As São Paulo’s notorious rush hour grinds into gear, a radio presenter at Mitsubishi FM clicks play on Rod Stewart’s ‘Maggie May’, and prepares for a discussion with listeners called, ‘Is your dad 4×4?’
The radio station is funded by, and named after, Mitsubishi Motors the Japanese carmaker known for its 4x4s and is an example of Brazil’s culture of branding things from soap operas to pop concerts.
In another studio, traffic reports are coming in from four reporters and a helicopter for Rádio SulAmérica Trânsito – a 24-hour traffic radio station named after an insurance company.
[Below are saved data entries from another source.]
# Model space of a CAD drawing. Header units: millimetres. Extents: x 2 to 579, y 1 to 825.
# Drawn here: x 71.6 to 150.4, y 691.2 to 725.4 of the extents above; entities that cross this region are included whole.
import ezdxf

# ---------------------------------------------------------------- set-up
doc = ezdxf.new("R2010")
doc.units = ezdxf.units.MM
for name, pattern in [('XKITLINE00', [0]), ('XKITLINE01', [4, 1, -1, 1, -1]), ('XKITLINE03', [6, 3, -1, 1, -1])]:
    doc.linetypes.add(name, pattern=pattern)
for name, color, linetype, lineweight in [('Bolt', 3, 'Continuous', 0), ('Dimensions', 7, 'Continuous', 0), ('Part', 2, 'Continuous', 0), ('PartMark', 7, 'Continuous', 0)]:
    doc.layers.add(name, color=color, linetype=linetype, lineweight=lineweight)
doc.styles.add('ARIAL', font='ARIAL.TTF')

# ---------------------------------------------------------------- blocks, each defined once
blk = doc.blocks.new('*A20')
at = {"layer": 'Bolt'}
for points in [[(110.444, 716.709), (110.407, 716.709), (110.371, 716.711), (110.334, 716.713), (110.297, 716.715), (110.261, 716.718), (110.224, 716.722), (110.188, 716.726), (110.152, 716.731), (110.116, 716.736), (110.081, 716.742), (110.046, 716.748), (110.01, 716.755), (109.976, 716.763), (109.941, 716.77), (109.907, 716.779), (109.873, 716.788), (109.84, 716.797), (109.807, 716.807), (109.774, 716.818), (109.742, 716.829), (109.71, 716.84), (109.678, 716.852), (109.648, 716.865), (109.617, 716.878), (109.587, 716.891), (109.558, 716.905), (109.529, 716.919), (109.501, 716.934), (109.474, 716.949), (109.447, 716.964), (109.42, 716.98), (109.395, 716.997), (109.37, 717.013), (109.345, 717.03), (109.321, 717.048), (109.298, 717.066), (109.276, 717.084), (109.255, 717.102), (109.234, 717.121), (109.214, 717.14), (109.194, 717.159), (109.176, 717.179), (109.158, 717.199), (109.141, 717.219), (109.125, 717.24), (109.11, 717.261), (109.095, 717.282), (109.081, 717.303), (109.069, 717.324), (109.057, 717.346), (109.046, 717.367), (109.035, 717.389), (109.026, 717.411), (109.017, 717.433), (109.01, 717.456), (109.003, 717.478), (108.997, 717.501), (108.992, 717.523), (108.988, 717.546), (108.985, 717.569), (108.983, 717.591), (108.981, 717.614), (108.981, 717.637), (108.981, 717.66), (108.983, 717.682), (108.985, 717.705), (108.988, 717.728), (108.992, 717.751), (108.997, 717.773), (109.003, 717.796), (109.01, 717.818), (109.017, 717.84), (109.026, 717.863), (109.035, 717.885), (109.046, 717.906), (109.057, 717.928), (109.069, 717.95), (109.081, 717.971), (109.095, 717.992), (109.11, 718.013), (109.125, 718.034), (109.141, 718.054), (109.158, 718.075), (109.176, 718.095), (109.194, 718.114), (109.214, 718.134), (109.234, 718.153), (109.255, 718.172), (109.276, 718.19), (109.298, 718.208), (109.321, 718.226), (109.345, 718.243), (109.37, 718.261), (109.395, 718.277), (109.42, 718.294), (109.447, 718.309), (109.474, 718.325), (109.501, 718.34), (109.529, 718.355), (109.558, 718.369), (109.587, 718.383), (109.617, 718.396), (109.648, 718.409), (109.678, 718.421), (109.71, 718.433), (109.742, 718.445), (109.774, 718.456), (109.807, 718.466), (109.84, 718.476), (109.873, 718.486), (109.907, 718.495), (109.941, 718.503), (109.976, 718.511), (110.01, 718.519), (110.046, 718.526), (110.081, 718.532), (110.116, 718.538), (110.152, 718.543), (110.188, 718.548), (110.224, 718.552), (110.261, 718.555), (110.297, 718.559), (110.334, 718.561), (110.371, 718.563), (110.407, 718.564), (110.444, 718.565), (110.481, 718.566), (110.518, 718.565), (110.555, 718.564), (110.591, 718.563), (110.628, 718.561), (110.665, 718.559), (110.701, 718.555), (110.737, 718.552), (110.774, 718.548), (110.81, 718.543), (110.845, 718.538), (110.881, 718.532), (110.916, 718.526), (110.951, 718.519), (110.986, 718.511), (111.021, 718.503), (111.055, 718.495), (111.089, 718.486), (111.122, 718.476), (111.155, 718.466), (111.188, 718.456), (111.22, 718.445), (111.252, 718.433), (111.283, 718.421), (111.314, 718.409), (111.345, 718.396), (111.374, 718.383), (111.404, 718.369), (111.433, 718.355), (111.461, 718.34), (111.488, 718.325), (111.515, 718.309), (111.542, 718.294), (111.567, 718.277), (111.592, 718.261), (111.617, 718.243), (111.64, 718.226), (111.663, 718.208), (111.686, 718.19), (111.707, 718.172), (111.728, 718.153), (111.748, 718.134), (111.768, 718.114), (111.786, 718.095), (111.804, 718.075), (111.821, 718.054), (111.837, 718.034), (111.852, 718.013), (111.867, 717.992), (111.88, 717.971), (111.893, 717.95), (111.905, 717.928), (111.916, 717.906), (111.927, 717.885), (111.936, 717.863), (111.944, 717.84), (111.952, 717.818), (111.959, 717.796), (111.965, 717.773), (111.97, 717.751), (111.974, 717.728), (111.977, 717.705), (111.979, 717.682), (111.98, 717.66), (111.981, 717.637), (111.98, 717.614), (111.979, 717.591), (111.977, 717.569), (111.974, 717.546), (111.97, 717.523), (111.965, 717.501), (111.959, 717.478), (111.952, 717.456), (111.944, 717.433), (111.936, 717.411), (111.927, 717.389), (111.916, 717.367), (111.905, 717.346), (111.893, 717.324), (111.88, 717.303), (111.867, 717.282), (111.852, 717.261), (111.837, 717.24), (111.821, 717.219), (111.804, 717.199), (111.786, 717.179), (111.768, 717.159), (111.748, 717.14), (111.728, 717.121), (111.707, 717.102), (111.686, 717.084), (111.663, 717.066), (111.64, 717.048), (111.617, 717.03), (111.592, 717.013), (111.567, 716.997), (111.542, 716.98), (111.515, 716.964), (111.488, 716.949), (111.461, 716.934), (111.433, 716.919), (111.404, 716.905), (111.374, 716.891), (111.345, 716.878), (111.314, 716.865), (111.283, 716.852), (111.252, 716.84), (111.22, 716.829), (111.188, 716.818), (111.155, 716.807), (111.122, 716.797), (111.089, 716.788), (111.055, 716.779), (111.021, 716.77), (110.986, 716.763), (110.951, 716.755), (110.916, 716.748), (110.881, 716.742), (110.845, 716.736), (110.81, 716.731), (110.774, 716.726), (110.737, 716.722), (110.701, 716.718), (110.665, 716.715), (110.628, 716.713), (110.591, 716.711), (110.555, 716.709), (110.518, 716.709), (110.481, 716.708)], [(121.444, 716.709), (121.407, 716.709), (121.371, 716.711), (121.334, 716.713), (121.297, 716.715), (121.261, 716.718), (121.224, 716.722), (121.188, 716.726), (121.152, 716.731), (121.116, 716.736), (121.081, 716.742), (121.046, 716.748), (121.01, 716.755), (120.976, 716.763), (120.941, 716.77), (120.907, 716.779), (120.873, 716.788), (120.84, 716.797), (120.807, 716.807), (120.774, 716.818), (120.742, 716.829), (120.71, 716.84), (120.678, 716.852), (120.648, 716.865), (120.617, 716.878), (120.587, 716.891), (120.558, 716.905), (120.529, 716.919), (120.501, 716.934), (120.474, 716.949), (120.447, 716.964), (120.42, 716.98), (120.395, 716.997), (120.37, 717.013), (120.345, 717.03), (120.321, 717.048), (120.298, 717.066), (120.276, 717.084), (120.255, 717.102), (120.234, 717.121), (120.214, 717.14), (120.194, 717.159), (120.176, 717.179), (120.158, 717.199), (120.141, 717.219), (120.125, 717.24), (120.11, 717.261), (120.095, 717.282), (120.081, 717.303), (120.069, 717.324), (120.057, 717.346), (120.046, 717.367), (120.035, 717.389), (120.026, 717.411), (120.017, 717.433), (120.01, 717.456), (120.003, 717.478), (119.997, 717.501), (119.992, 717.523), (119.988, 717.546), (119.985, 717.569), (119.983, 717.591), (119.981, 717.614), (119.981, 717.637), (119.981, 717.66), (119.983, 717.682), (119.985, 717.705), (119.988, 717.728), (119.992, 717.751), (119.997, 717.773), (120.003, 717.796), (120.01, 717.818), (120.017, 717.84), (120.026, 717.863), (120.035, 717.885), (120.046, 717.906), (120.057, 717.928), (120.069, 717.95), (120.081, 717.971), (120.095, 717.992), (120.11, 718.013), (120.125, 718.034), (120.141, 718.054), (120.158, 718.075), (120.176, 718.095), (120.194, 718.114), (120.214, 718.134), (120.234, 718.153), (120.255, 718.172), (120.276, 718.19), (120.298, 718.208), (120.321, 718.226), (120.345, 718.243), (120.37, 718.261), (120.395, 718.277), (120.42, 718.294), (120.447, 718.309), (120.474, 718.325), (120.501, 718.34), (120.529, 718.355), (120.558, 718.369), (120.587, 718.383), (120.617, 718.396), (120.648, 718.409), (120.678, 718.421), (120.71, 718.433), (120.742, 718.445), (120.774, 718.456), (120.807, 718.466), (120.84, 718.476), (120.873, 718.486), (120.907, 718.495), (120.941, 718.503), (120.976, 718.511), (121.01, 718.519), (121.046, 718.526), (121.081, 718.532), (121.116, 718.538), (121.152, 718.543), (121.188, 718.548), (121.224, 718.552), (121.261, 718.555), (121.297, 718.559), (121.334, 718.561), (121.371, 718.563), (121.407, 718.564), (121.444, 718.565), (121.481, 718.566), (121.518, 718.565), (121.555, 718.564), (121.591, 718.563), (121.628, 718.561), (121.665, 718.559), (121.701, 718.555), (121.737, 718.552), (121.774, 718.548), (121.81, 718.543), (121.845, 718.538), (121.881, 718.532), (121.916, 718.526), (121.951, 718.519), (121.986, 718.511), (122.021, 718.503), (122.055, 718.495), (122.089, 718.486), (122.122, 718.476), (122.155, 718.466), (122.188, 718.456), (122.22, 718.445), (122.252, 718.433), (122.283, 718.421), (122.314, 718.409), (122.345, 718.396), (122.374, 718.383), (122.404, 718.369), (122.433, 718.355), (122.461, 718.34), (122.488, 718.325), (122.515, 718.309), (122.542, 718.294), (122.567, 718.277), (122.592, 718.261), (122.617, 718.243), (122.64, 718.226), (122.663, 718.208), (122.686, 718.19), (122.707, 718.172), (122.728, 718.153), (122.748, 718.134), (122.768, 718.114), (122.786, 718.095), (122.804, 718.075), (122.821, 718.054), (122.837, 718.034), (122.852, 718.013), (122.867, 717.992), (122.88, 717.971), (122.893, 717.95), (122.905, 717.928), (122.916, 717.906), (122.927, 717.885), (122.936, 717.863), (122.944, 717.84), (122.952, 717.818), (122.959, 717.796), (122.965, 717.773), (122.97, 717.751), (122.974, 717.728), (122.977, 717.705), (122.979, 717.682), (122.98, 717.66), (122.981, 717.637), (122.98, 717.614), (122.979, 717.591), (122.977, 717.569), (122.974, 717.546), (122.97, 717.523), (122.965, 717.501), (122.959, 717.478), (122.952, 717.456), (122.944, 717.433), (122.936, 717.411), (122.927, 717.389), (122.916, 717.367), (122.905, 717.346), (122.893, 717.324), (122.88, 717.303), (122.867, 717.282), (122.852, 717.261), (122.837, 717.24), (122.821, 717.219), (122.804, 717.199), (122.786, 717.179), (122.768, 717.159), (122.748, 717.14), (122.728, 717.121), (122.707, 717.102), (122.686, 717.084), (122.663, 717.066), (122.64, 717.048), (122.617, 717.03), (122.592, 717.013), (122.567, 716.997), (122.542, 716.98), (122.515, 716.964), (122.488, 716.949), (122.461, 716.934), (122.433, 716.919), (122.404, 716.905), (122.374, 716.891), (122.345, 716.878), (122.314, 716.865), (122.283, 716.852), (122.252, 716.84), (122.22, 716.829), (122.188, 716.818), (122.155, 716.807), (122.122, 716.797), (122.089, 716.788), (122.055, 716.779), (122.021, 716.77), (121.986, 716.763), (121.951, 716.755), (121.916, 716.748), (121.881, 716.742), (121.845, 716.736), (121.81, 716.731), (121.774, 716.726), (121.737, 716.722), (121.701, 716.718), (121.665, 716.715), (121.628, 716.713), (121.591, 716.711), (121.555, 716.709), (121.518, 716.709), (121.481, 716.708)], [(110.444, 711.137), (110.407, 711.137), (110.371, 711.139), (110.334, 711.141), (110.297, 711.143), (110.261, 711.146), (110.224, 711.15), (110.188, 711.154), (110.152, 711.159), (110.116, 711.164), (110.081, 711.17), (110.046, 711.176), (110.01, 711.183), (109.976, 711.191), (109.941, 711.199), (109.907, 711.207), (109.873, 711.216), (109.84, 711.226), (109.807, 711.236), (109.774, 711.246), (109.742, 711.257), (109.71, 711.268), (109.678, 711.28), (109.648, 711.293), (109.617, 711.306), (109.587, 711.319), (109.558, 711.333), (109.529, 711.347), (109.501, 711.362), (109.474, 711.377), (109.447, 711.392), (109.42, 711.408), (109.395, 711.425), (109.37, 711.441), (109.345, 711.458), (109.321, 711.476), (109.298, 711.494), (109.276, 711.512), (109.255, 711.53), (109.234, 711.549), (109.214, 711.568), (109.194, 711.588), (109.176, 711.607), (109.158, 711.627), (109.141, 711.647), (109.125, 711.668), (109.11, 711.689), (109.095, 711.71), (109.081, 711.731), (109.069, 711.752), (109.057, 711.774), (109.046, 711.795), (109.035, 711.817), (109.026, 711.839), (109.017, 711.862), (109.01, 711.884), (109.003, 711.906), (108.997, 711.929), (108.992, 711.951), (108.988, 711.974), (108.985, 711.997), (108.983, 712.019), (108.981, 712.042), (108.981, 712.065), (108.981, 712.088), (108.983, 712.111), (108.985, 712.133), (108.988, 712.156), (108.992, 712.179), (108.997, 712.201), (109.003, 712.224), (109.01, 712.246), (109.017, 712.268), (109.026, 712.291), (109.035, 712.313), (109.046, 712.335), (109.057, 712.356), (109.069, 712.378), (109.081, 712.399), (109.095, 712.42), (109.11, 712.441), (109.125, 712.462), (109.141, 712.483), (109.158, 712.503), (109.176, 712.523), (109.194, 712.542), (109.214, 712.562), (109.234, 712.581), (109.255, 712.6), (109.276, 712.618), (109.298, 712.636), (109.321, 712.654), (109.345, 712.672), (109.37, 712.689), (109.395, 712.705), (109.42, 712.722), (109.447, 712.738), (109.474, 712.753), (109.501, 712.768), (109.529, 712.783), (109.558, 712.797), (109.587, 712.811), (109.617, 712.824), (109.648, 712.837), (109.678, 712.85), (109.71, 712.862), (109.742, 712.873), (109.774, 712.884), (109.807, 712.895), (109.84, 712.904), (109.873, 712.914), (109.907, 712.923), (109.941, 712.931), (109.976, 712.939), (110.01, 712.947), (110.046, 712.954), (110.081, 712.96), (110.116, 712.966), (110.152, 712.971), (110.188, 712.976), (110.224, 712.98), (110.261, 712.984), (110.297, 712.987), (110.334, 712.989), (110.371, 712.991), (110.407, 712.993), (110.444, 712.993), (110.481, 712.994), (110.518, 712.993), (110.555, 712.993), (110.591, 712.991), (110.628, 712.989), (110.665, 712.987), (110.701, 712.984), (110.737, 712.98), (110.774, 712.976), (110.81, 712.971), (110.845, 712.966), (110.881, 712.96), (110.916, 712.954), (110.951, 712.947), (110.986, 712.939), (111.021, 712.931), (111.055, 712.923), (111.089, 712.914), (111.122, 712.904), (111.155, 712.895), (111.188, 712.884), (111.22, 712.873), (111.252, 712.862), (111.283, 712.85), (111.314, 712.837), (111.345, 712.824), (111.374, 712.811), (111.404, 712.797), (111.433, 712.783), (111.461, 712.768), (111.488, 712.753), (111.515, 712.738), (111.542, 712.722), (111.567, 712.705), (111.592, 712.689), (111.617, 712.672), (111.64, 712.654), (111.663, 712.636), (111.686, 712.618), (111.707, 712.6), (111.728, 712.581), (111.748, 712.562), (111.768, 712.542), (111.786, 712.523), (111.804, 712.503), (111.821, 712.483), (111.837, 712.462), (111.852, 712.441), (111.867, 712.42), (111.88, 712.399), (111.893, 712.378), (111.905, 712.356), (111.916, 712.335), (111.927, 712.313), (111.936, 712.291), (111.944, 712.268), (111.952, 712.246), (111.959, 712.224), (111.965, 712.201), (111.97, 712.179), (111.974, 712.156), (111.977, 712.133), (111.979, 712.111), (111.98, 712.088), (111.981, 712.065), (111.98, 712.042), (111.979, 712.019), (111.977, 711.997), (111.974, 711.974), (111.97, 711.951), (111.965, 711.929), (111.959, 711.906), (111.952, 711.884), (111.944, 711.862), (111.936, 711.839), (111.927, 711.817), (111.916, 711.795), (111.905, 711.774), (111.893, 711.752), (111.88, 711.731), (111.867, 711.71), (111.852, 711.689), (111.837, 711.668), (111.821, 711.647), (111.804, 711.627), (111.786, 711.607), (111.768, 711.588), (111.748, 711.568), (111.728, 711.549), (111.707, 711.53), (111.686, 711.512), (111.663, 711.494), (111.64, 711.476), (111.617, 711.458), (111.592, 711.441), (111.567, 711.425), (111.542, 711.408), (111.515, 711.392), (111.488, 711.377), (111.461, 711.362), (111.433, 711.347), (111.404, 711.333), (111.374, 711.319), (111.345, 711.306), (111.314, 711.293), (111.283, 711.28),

The studios run their own TV and radio stations as well as providing bespoke operations for clients such as SulAmérica and Mitsubishi Motors.
Branding is huge in Brazil. Football commentators frequently plug lists of sponsors in the middle of games. During one of last year’s episodes of Big Brother, contestants sang a song in praise of the flip-flop maker sponsoring the reality show.
While the stations refuse to discuss figures, it is clear radio is an effective medium in a city that spends much of its time in a traffic jam.
“It is impressive how well branded radio works and it is really cheap,” says Antonio Rosa Neto, a media consultant from São Paulo’s Dianet agency.
Brazil’s 3,600 radio stations attract huge audiences but just 4 per cent of the country’s advertising – compared with the 60 per cent swallowed by TV, says Mr Neto.
A 30-second TV ad can cost R$360,000 (US$192,000). But for R$500,000, Mr Neto estimates, you could run a branded radio station for a week.
Oi, one of Brazil’s biggest mobile phone operators, launched the country’s first branded station in 2002, and now have 11. “We believe Oi Fm helps the brand represent itself as a lifestyle,” the company says.
SulAmérica, a company known for health insurance, says SulAmérica Trânsito helped it to reposition itself in the car insurance market. It was fifth in the market in terms of customer recognition, but “with the launch of Rádio SulAmérica Trânsito, we went to number two”.
Mitsubishi says its station “took us to a mass audience which we’d never done before. You make contact with your client or potential buyer, and they are constantly remembering the brand Mitsubishi.”